Supreme Court To Decide If Monsanto GMO Patents Are Valid 308
tomhath writes with this exerpt from a Reuters story: "The U.S. Supreme Court agreed Friday to hear an Indiana farmer's appeal that challenges the scope of Monsanto Co.'s patent rights on its Roundup Ready seeds. Mr. Bowman bought and planted 'commodity seeds' from a grain elevator. Those soybean seeds were a mix and included some that contained Monsanto's technology. The Supreme Court agreed to hear the case over the objections of the Obama administration, which had urged the justices to leave the lower court rulings in place."
Re:I still think this guy should countersue . . . (Score:5, Interesting)
He can probably not sell his seeds to Europe, we do not like genetically modified foods here. We let the americans be the Guinea Pigs of their own products.
It seems like the US Government has the same slogan like "The Body Shop" when it comes to food: "Product not tested on animals". There is enough humans to test on.
Don't own your own seeds .. (Score:3, Interesting)
"A federal appeals court found that soybean farmer Vernon Bowman infringed on Monsanto patents when he planted second-generation soybeans [commondreams.org] that were the product of seeds he had purchased from Monsanto"
Why is the Obama administration objecting ? (Score:5, Interesting)
Why is the Obama administration trying so hard to stop the Supreme Court from hearing this case?
Can someone fill me in, please?
Re:Why is the Obama administration objecting ? (Score:5, Interesting)
And the author claims that a lot of the feedback is lobbying from Monsanto and others, but I can't objectively decide if that's true or not.
Re:I still think this guy should countersue . . . (Score:4, Interesting)
In this case, copyright really should apply rather than patents (it doesn't seem to, but bear with me). The patent would cover the process used to create these seeds, I assume. I may be wrong, but that's all it should cover. The genetic sequence would be that part that is copyrighted in this case, if you believe that should be allowed (which I don't).
Speaking from Experience (Score:2, Interesting)
Having been sued by Monsanto before, I certainly hope, but will not hold my breath, that the patents are ruled invalid.

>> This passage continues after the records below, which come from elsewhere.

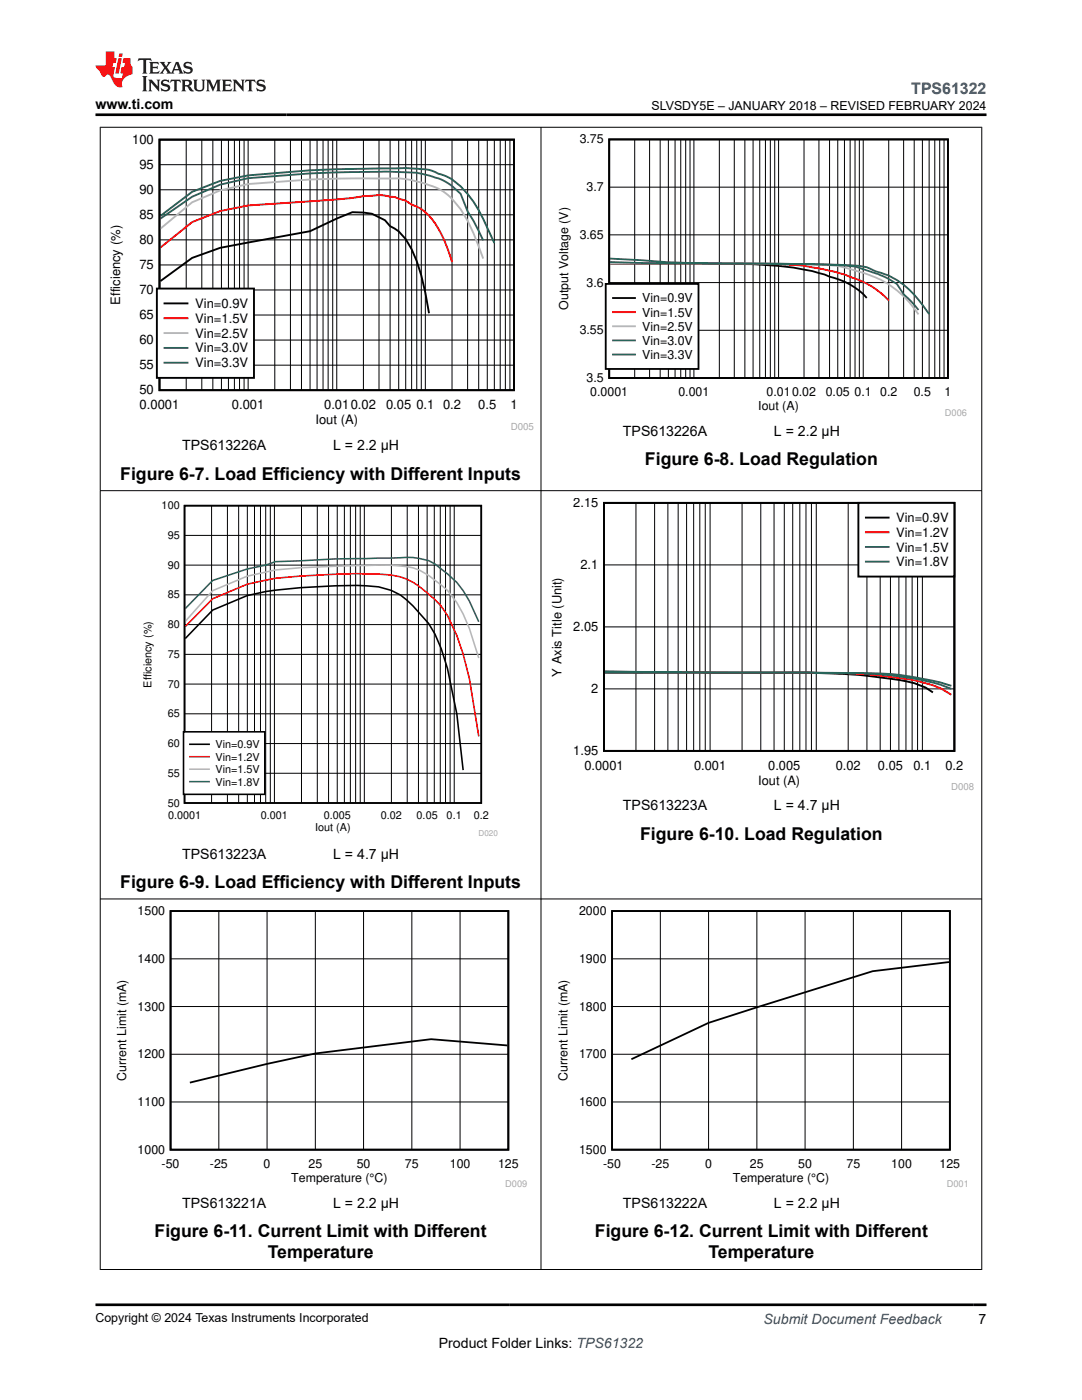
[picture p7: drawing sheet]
<svg xmlns="http://www.w3.org/2000/svg" width="216mm" height="279mm" viewBox="0 0 216 279" stroke-linecap="round" stroke-linejoin="round" font-family="sans-serif">
<path d="M31.8 27.9h70.8v50h-70.8zM32 56.1l6.3-4.6 5.6-2 18-3.4 5.3-2.5 3.1-1.3 2.2 .1 1.7 .3 2.6 1.3 1 1.1a8.1 8.1 0 0 1 4.3 4.6 43.9 43.9 0 0 1 3.5 12.8" fill="none" stroke="#000" stroke-width=".38"/>
<g fill="none" stroke="#000" stroke-width=".2">
<path d="M31.8 37.9h70.8M31.8 32.9h70.8M37.2 27.9v50M40.3 27.9v50M42.5 27.9v50M44.2 27.9v50M45.6 27.9v50M46.8 27.9v50M47.8 27.9v50M48.7 27.9v50M49.5 27.9v50M54.8 27.9v50"/>
<path d="M58 27.9v50M60.2 27.9v50M61.9 27.9v50M63.3 27.9v50M64.5 27.9v50M65.5 27.9v50M66.4 27.9v50M67.2 27.9v50M72.5 27.9v50M75.6 27.9v50M77.8 27.9v50M79.6 27.9v50"/>
<path d="M81 27.9v50M82.1 27.9v50M83.2 27.9v50M84.1 27.9v50M84.9 27.9v50M90.2 27.9v50M93.3 27.9v50M95.5 27.9v50M97.2 27.9v50M98.6 27.9v50M99.8 27.9v50M100.8 27.9v50"/>
<path d="M101.7 27.9v50M31.8 57.9h70.8M31.8 52.9h70.8M31.8 47.9h70.8M31.8 42.9h70.8M31.8 72.9h70.8M31.8 67.9h70.8M31.8 62.9h70.8"/>
</g>
<path d="M32 49.4l6.3-5.1 5.6-2.2 5.6-1.1 17.7-1.2 8.4-.9 3.1 .4 2.3 .7 1.1 .8a10.3 10.3 0 0 1 5.9 5.8l.9 2.1 1.3 3.6" fill="none" stroke="#f00" stroke-width=".38"/>
<path d="M32 45.6l6.3-5.2 5.6-2.4 5.6-1.3a224.4 224.4 0 0 1 23-1.1h4.3a21.6 21.6 0 0 1 11.7 2.6l.4 .4a14.8 14.8 0 0 1 4.4 5.5l1.2 2.5 1.9 5" fill="none" stroke="#b8b8b8" stroke-width=".38"/>
<path d="M32 43.6l6.3-4.3 5.6-2.4 5.6-1.3a225.7 225.7 0 0 1 23-1.3h5.3a28.3 28.3 0 0 1 8.5 .9 10.2 10.2 0 0 1 3.9 1.9l1.7 1.6 1.4 3.5 1.2 1.9 1.9 3.9" fill="none" stroke="#295c75" stroke-width=".38"/>
<path d="M32 43.1l6.3-4.8 5.6-2.2 5.6-1.1a211.4 211.4 0 0 1 23-1.3l4.3-.1a47.2 47.2 0 0 1 8.8 .3l1.9 .8a10 10 0 0 1 5.8 4 27.5 27.5 0 0 1 3.9 6.7l1.4 3.1" fill="none" stroke="#286b48" stroke-width=".38"/>
<path d="M31.3 57.6h19.4v17.8h-19.4z" fill-rule="evenodd" fill="#fff"/>
<path d="M31.3 57.6h19.4v17.8h-19.4zM32.8 60.6h4.6" fill="none" stroke="#000" stroke-width=".38"/>
<path d="M32.8 63.5h4.6" fill="none" stroke="#f00" stroke-width=".38"/>
<path d="M32.8 66.5h4.6" fill="none" stroke="#b8b8b8" stroke-width=".38"/>
<path d="M32.8 69.4h4.6" fill="none" stroke="#295c75" stroke-width=".38"/>
<path d="M32.8 72.4h4.6" fill="none" stroke="#286b48" stroke-width=".38"/>
<path d="M111 26.8h81.9v56.2h-81.9z" fill-rule="evenodd" fill="#fff"/>
<path d="M121.6 27.8h67.5v47.6h-67.5zM121.7 52.6l28.6 .1a56.3 56.3 0 0 1 14.2 2.1l1 .4a13.9 13.9 0 0 1 7.4 4.3" fill="none" stroke="#000" stroke-width=".36"/>
<g fill="none" stroke="#000" stroke-width=".2">
<path d="M121.6 37.4h67.6M126.6 27.8v47.7M129.6 27.8v47.7M131.7 27.8v47.7M133.4 27.8v47.7M134.7 27.8v47.7M135.8 27.8v47.7M136.8 27.8v47.7M137.7 27.8v47.7M138.5 27.8v47.7M143.5 27.8v47.7M146.5 27.8v47.7"/>
<path d="M148.6 27.8v47.7M150.3 27.8v47.7M151.6 27.8v47.7M152.7 27.8v47.7M153.7 27.8v47.7M154.6 27.8v47.7M155.4 27.8v47.7M160.4 27.8v47.7M163.4 27.8v47.7M165.5 27.8v47.7M167.2 27.8v47.7M168.5 27.8v47.7"/>
<path d="M169.6 27.8v47.7M170.6 27.8v47.7M171.5 27.8v47.7M172.2 27.8v47.7M177.3 27.8v47.7M180.3 27.8v47.7M182.4 27.8v47.7M184.1 27.8v47.7M185.4 27.8v47.7M186.5 27.8v47.7M187.5 27.8v47.7M188.4 27.8v47.7"/>
<path d="M121.6 56.4h67.6M121.6 46.9h67.6M121.6 65.9h67.6"/>
</g>
<path d="M121.7 52.6h16.8a234.1 234.1 0 0 1 21.9 .4 40.3 40.3 0 0 1 13.2 3.9 16.1 16.1 0 0 1 3.7 3.1" fill="none" stroke="#f00" stroke-width=".36"/>
<path d="M121.7 52.5l38.7 .3a30.3 30.3 0 0 1 10.2 1.2 19.9 19.9 0 0 1 12.7 8.7" fill="none" stroke="#b8b8b8" stroke-width=".36"/>
<path d="M121.7 52.3l6.1 .2 37.7 .4a20.2 20.2 0 0 1 8.1 1.3l3 1.1 2.4 1.4 1.3 2 1.1 1.1 1.9 2.1" fill="none" stroke="#295c75" stroke-width=".36"/>
<path d="M121.7 51.6l16.8 .9 27 .3a43.4 43.4 0 0 1 7.4 .5l1.8 .8a14.6 14.6 0 0 1 8.6 5.7l2.1 2.9" fill="none" stroke="#286b48" stroke-width=".36"/>
<path d="M120.9 56.7h18.5v16.9h-18.5z" fill-rule="evenodd" fill="#fff"/>
<path d="M120.9 56.7h18.5v16.9h-18.5zM122.3 59.5h4.4" fill="none" stroke="#000" stroke-width=".36"/>
<path d="M122.3 62.3h4.4" fill="none" stroke="#f00" stroke-width=".36"/>
<path d="M122.3 65.1h4.4" fill="none" stroke="#b8b8b8" stroke-width=".36"/>
<path d="M122.3 67.9h4.4" fill="none" stroke="#295c75" stroke-width=".36"/>
<path d="M122.3 70.8h4.4" fill="none" stroke="#286b48" stroke-width=".36"/>
<path d="M28.3 99.3h71.4v68h-71.4z" fill-rule="evenodd" fill="#fff"/>
<path d="M36.8 100.9h59.2v59.4h-59.2zM37 127.4l5.4-5.6 6.9-2.9a75.3 75.3 0 0 1 17.5-2h6.3a12 12 0 0 1 9.3 4l3.1 3.5 1.3 2.1 1.2 3 1.3 3.9 1.9 9.1 1.2 11.2" fill="none" stroke="#000" stroke-width=".32"/>
<g fill="none" stroke="#000" stroke-width=".2">
<path d="M36.8 118.7h59.2M36.8 112.8h59.2M36.8 106.9h59.2M42.2 100.9v59.4M45.4 100.9v59.4M47.6 100.9v59.4M49.4 100.9v59.4M50.8 100.9v59.4M52 100.9v59.4M53 100.9v59.4M53.9 100.9v59.4M54.8 100.9v59.4"/>
<path d="M60.2 100.9v59.4M63.3 100.9v59.4M65.6 100.9v59.4M67.3 100.9v59.4M68.7 100.9v59.4M69.9 100.9v59.4M71 100.9v59.4M71.9 100.9v59.4M72.7 100.9v59.4M78.1 100.9v59.4M81.3 100.9v59.4M83.5 100.9v59.4"/>
<path d="M85.2 100.9v59.4M86.7 100.9v59.4M87.9 100.9v59.4M88.9 100.9v59.4M89.8 100.9v59.4M90.6 100.9v59.4M36.8 136.5h59.2M36.8 130.6h59.2M36.8 124.7h59.2M36.8 154.3h59.2M36.8 148.4h59.2M36.8 142.5h59.2"/>
</g>
<path d="M37 125l5.4-5.5 6.9-2.9 5.6-1.2a121.9 121.9 0 0 1 23.1-.6 12.7 12.7 0 0 1 7.5 3.8l2.5 2.4a38 38 0 0 1 5.7 14.4l1.8 11.6" fill="none" stroke="#f00" stroke-width=".32"/>
<path d="M37 124l5.4-6.1 6.9-2.9 5.6-1.3a190.8 190.8 0 0 1 25-.7 10.3 10.3 0 0 1 6.9 2.8 14.5 14.5 0 0 1 5.6 6.7l1.3 2.9 1.8 5.9" fill="none" stroke="#b8b8b8" stroke-width=".32"/>
<path d="M37 121.5l5.4-5.7 6.9-2.2 3.8-.8 1.8-.7 11.9-.6 11.2-.1a19.4 19.4 0 0 1 7.5 .5l1.3 .7a25.4 25.4 0 0 1 5.6 5.3l1.3 2.1 1.8 4.1" fill="none" stroke="#295c75" stroke-width=".32"/>
<path d="M36.6 146.1h16.2v12.4h-16.2z" fill-rule="evenodd" fill="#fff"/>
<path d="M36.6 146.1h16.2v12.4h-16.2zM37.9 148.5h3.8" fill="none" stroke="#000" stroke-width=".32"/>
<path d="M37.9 151h3.8" fill="none" stroke="#f00" stroke-width=".32"/>
<path d="M37.9 153.5h3.8" fill="none" stroke="#b8b8b8" stroke-width=".32"/>
<path d="M37.9 156h3.8" fill="none" stroke="#295c75" stroke-width=".32"/>
<path d="M109.6 99.3h84.7v58.4h-84.7z" fill-rule="evenodd" fill="#fff"/>
<path d="M120.5 100.4h69.9v49.5h-69.9zM120.7 134.2h14.6a810.8 810.8 0 0 1 33.9 .3 101.2 101.2 0 0 1 13.3 1.9l2.2 .8 1.5 1" fill="none" stroke="#000" stroke-width=".38"/>
<g fill="none" stroke="#000" stroke-width=".2">
<path d="M120.5 112.7h69.9M126.9 100.4v49.5M130.6 100.4v49.5M133.3 100.4v49.5M135.3 100.4v49.5M137 100.4v49.5M138.4 100.4v49.5M139.6 100.4v49.5M140.7 100.4v49.5M141.7 100.4v49.5M148.1 100.4v49.5M151.8 100.4v49.5"/>
<path d="M154.5 100.4v49.5M156.5 100.4v49.5M158.2 100.4v49.5M159.6 100.4v49.5M160.8 100.4v49.5M161.9 100.4v49.5M162.9 100.4v49.5M169.2 100.4v49.5M173 100.4v49.5M175.6 100.4v49.5M177.7 100.4v49.5M179.4 100.4v49.5"/>
<path d="M180.8 100.4v49.5M182 100.4v49.5M183.1 100.4v49.5M184.1 100.4v49.5M120.5 137.5h69.9M120.5 125.1h69.9"/>
</g>
<path d="M120.7 134.2h21.2a473.6 473.6 0 0 1 32.5 .5 46.6 46.6 0 0 1 13.2 2.6l2.2 1.4" fill="none" stroke="#f00" stroke-width=".38"/>
<path d="M120.7 134.2h35.2a233.8 233.8 0 0 1 22.1 .6l4.5 .6a32.9 32.9 0 0 1 7.3 2.1" fill="none" stroke="#295c75" stroke-width=".38"/>
<path d="M120.7 134l42.6 .3a188.8 188.8 0 0 1 16.2 .4l3 .5a47.4 47.4 0 0 1 7.3 1.7" fill="none" stroke="#286b48" stroke-width=".38"/>
<path d="M171.3 100.4h19.1v14.7h-19.1z" fill-rule="evenodd" fill="#fff"/>
<path d="M171.3 100.4h19.1v14.7h-19.1zM172.8 103.3h4.5" fill="none" stroke="#000" stroke-width=".38"/>
<path d="M172.8 106.2h4.5" fill="none" stroke="#f00" stroke-width=".38"/>
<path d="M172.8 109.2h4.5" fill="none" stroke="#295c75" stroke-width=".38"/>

My wife and I have 20 acres in rural country where we raise horses. They graze in our hayfields, which were contaminated by pollen from a nearby university where Monsanto does GMO research on insect-resistant hay and alfalfa.
We were sued by both the university and Monsanto, along with many of our neighbors, for "stealing their proprietary, top-secret technology."
Yeah, like we snuck into their fields in the middle of the night and stole pollen.
They're called bees.
Anyway, it cost us over $100K in legal fees, and were compelled to pay licensing fees. We decided to plow the hayfields under, but the court ruled we still had to pay annual licensing because the DNA was still in our soil.
Now we pay Monsanto $15K/year for the dirt on our property.
The effect on future genetic mods (Score:3, Interesting)
True Viral Patent (Score:4, Interesting)
Monsanto knows their genetic patent is being spread by bees, and yet either nobody is correctly arguing this in court or nobody cares. If someone sued on that issue alone Monsanto's patents would be declared invalid long ago. All these farmers who have had bee by plantings of monsanto's seeds into their crops would be owed a lot of money.
Re:Why is the Obama administration objecting ? (Score:5, Interesting)
I don't disagree with your assessment of Mitt, but you underestimate the danger Obama poses. Obama has taken radical Bush policies and by virtue of Democratic silence, has made them the new normal. Obama continues due process free detention with nary a peep from his party. He has extended this radical policy to include due process free execution. Libya destroyed the war powers act (the liberal achievement from the Viet Nam debacle which tried to put the power of war with congress where it belongs), thus setting the precedent that a president can start any war, anywhere, anytime, and Congress can go get bent.
These are dangerous and radical policies -- the type of monarchical powers we fought a revolution to escape. One man should not have the power to imprison you with no oversight, kill you with no oversight, or start a war with no oversight. The sad fact is, it took a Democrat to achieve all these things -- even GWB couldn't do the last two.
That is the danger of constant lesser evil voting. It leads inevitably to more evil. I suspect that if Mitt won however, Democrats would go back to pushing back against civil liberties violations and war as a kind of political pressure point. Maybe not, but at least we'd then all be clear that Democrats are the "New GOP".